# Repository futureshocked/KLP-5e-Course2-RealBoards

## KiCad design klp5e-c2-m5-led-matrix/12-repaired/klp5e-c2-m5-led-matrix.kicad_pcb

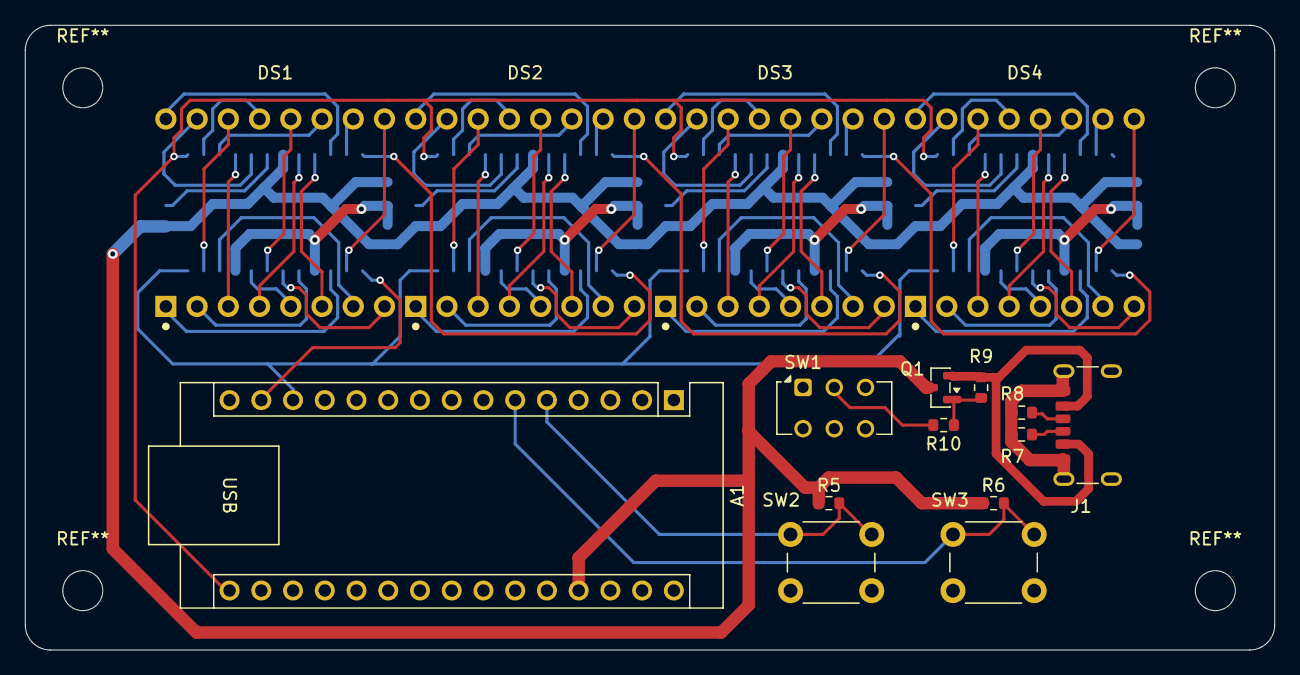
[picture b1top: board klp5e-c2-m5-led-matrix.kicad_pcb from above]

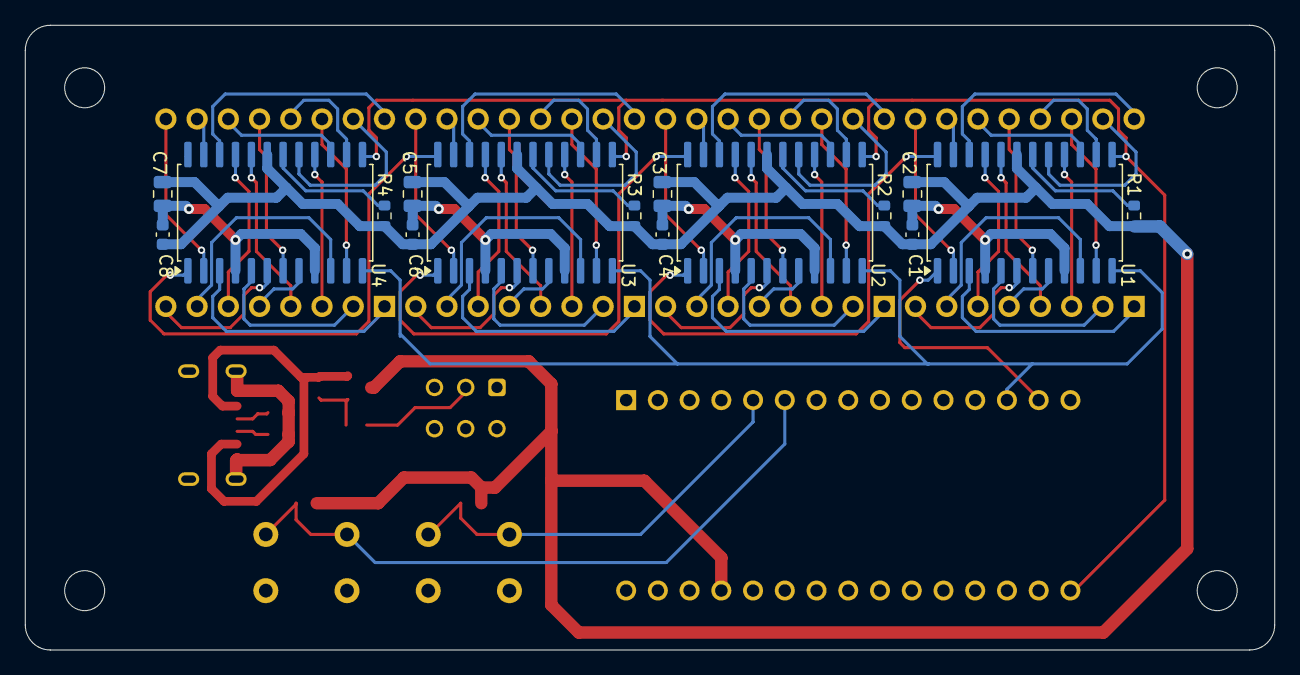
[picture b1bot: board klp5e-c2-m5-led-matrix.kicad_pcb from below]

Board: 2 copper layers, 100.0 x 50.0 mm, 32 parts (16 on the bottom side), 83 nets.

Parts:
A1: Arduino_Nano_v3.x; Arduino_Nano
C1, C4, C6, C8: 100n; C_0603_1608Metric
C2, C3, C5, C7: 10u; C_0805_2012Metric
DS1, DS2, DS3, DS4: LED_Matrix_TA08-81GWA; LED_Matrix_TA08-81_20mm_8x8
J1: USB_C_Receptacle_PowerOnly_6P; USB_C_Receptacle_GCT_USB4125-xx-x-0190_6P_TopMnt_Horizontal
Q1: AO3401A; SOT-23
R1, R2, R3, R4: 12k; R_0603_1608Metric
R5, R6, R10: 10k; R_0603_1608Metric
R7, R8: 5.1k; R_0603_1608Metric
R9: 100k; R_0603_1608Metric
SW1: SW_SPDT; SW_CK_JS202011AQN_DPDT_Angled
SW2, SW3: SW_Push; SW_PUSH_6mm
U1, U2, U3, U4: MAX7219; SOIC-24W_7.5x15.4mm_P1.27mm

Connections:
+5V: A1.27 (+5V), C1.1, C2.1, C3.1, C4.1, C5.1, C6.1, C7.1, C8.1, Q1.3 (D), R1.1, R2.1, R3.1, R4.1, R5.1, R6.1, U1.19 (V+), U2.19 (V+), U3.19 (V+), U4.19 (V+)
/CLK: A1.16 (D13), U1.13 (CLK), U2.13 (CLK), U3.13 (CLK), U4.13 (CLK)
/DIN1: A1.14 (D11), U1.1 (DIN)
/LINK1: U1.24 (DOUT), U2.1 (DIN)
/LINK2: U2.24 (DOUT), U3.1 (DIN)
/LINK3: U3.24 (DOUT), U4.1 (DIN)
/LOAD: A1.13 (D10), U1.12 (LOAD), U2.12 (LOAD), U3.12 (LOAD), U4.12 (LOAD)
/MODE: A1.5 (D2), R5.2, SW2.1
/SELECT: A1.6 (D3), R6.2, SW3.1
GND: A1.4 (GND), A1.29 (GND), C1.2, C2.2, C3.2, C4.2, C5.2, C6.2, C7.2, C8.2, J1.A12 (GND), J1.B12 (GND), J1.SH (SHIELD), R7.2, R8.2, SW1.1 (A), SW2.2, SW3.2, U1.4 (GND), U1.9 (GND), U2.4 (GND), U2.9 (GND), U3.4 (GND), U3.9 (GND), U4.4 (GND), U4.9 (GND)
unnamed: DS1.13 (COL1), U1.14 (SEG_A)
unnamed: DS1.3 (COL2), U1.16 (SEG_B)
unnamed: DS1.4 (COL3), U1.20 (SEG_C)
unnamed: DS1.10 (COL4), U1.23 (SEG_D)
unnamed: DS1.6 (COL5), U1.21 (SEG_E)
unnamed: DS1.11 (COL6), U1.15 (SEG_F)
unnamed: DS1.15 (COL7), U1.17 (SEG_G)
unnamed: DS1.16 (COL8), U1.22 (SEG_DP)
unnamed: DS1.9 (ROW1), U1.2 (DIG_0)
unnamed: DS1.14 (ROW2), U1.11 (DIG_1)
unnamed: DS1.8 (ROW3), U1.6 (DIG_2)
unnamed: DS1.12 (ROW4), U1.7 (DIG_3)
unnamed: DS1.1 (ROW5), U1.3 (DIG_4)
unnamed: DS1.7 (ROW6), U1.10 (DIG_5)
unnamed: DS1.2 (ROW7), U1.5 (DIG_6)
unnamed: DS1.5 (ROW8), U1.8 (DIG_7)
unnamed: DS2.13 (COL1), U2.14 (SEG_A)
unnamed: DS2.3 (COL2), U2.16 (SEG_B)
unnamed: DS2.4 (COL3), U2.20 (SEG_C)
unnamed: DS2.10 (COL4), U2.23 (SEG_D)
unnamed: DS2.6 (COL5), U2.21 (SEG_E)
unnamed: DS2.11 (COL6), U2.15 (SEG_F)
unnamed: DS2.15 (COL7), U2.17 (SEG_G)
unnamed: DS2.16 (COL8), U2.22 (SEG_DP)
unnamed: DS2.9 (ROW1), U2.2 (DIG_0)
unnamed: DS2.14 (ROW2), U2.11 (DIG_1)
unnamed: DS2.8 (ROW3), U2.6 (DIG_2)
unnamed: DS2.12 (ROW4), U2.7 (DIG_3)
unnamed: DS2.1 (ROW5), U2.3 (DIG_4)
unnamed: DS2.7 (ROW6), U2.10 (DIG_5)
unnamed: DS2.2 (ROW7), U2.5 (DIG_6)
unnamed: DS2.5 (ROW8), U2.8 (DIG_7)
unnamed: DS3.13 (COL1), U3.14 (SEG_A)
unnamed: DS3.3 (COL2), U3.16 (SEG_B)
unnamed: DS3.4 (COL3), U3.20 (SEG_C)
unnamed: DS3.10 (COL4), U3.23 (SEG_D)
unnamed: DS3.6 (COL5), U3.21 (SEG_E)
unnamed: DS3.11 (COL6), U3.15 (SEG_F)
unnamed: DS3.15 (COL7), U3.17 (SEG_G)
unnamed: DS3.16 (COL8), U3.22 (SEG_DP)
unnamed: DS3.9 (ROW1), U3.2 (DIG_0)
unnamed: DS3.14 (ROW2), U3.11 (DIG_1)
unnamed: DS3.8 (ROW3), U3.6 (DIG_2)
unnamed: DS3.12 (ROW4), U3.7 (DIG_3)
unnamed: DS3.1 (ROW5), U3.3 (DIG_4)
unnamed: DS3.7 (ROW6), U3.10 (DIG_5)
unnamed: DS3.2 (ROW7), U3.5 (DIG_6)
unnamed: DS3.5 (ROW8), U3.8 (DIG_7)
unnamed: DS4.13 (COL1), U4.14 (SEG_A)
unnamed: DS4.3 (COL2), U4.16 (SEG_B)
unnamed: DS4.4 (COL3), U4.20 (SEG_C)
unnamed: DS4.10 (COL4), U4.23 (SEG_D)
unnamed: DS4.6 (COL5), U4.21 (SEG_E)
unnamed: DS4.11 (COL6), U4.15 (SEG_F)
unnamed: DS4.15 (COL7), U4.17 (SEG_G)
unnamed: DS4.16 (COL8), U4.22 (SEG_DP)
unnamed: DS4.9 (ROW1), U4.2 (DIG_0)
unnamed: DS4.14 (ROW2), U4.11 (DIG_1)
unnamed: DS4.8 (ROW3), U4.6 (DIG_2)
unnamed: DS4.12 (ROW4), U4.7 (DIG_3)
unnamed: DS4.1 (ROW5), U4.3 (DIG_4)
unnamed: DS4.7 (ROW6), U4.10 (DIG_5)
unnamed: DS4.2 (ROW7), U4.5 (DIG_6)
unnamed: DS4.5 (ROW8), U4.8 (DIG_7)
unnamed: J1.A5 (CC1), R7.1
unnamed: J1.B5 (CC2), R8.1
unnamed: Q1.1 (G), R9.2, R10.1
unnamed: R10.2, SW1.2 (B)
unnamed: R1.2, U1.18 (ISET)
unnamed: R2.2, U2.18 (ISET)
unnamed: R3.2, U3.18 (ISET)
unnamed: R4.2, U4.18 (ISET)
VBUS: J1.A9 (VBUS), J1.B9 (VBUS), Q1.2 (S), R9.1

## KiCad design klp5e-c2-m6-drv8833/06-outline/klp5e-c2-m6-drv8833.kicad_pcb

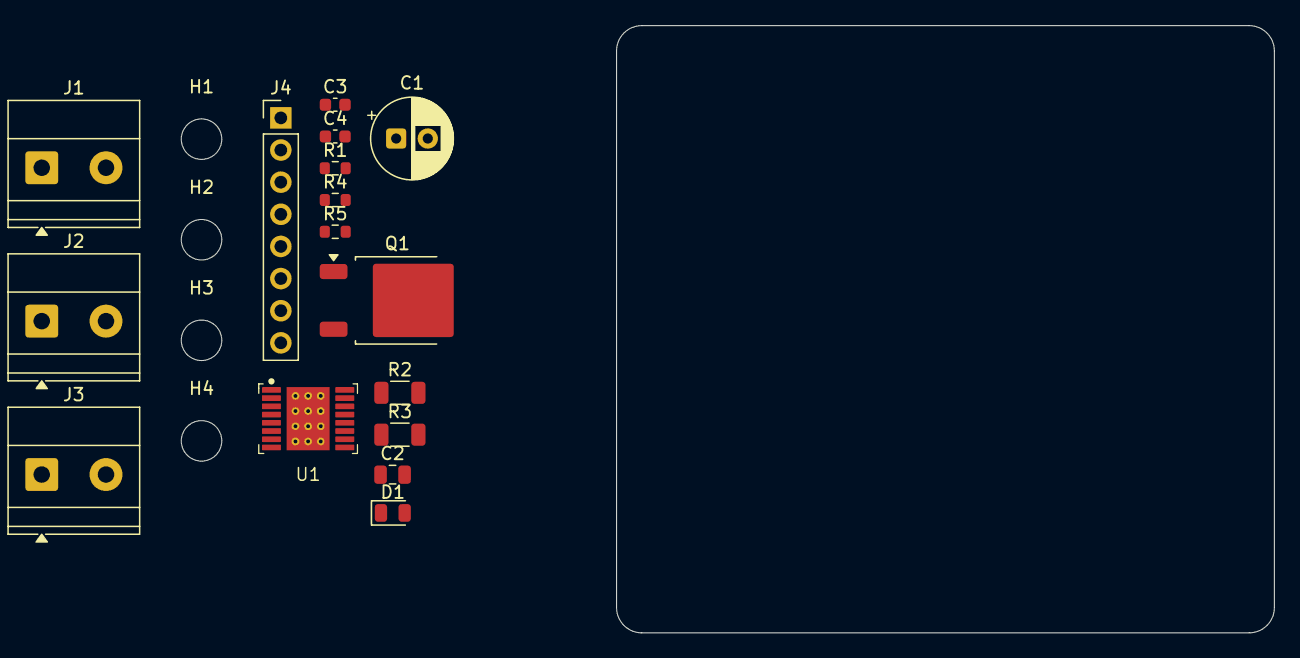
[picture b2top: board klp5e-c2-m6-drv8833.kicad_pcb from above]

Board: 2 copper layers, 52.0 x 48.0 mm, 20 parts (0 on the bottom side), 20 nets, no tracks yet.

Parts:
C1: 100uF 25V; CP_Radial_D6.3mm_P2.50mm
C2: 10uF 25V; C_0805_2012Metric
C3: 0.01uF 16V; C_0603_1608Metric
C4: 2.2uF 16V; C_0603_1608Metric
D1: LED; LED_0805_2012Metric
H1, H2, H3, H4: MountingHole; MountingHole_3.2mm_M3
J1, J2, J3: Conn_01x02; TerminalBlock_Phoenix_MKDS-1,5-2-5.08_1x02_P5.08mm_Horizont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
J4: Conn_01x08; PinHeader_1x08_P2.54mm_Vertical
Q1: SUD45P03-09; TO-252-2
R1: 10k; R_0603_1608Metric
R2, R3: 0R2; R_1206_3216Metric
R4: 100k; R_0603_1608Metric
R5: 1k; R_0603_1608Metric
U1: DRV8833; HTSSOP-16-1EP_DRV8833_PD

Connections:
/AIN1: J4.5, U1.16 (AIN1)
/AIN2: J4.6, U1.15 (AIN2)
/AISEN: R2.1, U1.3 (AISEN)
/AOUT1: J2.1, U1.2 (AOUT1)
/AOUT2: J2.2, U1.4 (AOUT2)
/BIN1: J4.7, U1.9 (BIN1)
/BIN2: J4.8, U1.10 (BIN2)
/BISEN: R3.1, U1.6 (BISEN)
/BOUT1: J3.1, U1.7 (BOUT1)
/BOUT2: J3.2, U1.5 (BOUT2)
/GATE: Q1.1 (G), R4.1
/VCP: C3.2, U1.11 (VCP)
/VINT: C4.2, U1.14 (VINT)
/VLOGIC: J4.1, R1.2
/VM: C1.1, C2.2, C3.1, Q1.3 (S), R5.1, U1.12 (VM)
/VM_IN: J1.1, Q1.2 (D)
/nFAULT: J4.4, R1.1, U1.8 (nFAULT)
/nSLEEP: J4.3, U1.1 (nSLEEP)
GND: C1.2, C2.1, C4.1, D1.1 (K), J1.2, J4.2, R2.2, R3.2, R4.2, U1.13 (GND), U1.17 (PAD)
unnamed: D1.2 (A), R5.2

□ □ □ □

- Problem details
Because only one stretch of the records is wanted, please output the lines from the one holding "unnamed: J1.A5 (CC1), R7.1" through the one holding "[picture b2top: board" exactly, both included, and leave every picture out.

- Answer to the problem
unnamed: J1.A5 (CC1), R7.1
unnamed: J1.B5 (CC2), R8.1
unnamed: Q1.1 (G), R9.2, R10.1
unnamed: R10.2, SW1.2 (B)
unnamed: R1.2, U1.18 (ISET)
unnamed: R2.2, U2.18 (ISET)
unnamed: R3.2, U3.18 (ISET)
unnamed: R4.2, U4.18 (ISET)
VBUS: J1.A9 (VBUS), J1.B9 (VBUS), Q1.2 (S), R9.1

## KiCad design klp5e-c2-m6-drv8833/06-outline/klp5e-c2-m6-drv8833.kicad_pcb

[picture b2top: board klp5e-c2-m6-drv8833.kicad_pcb from above]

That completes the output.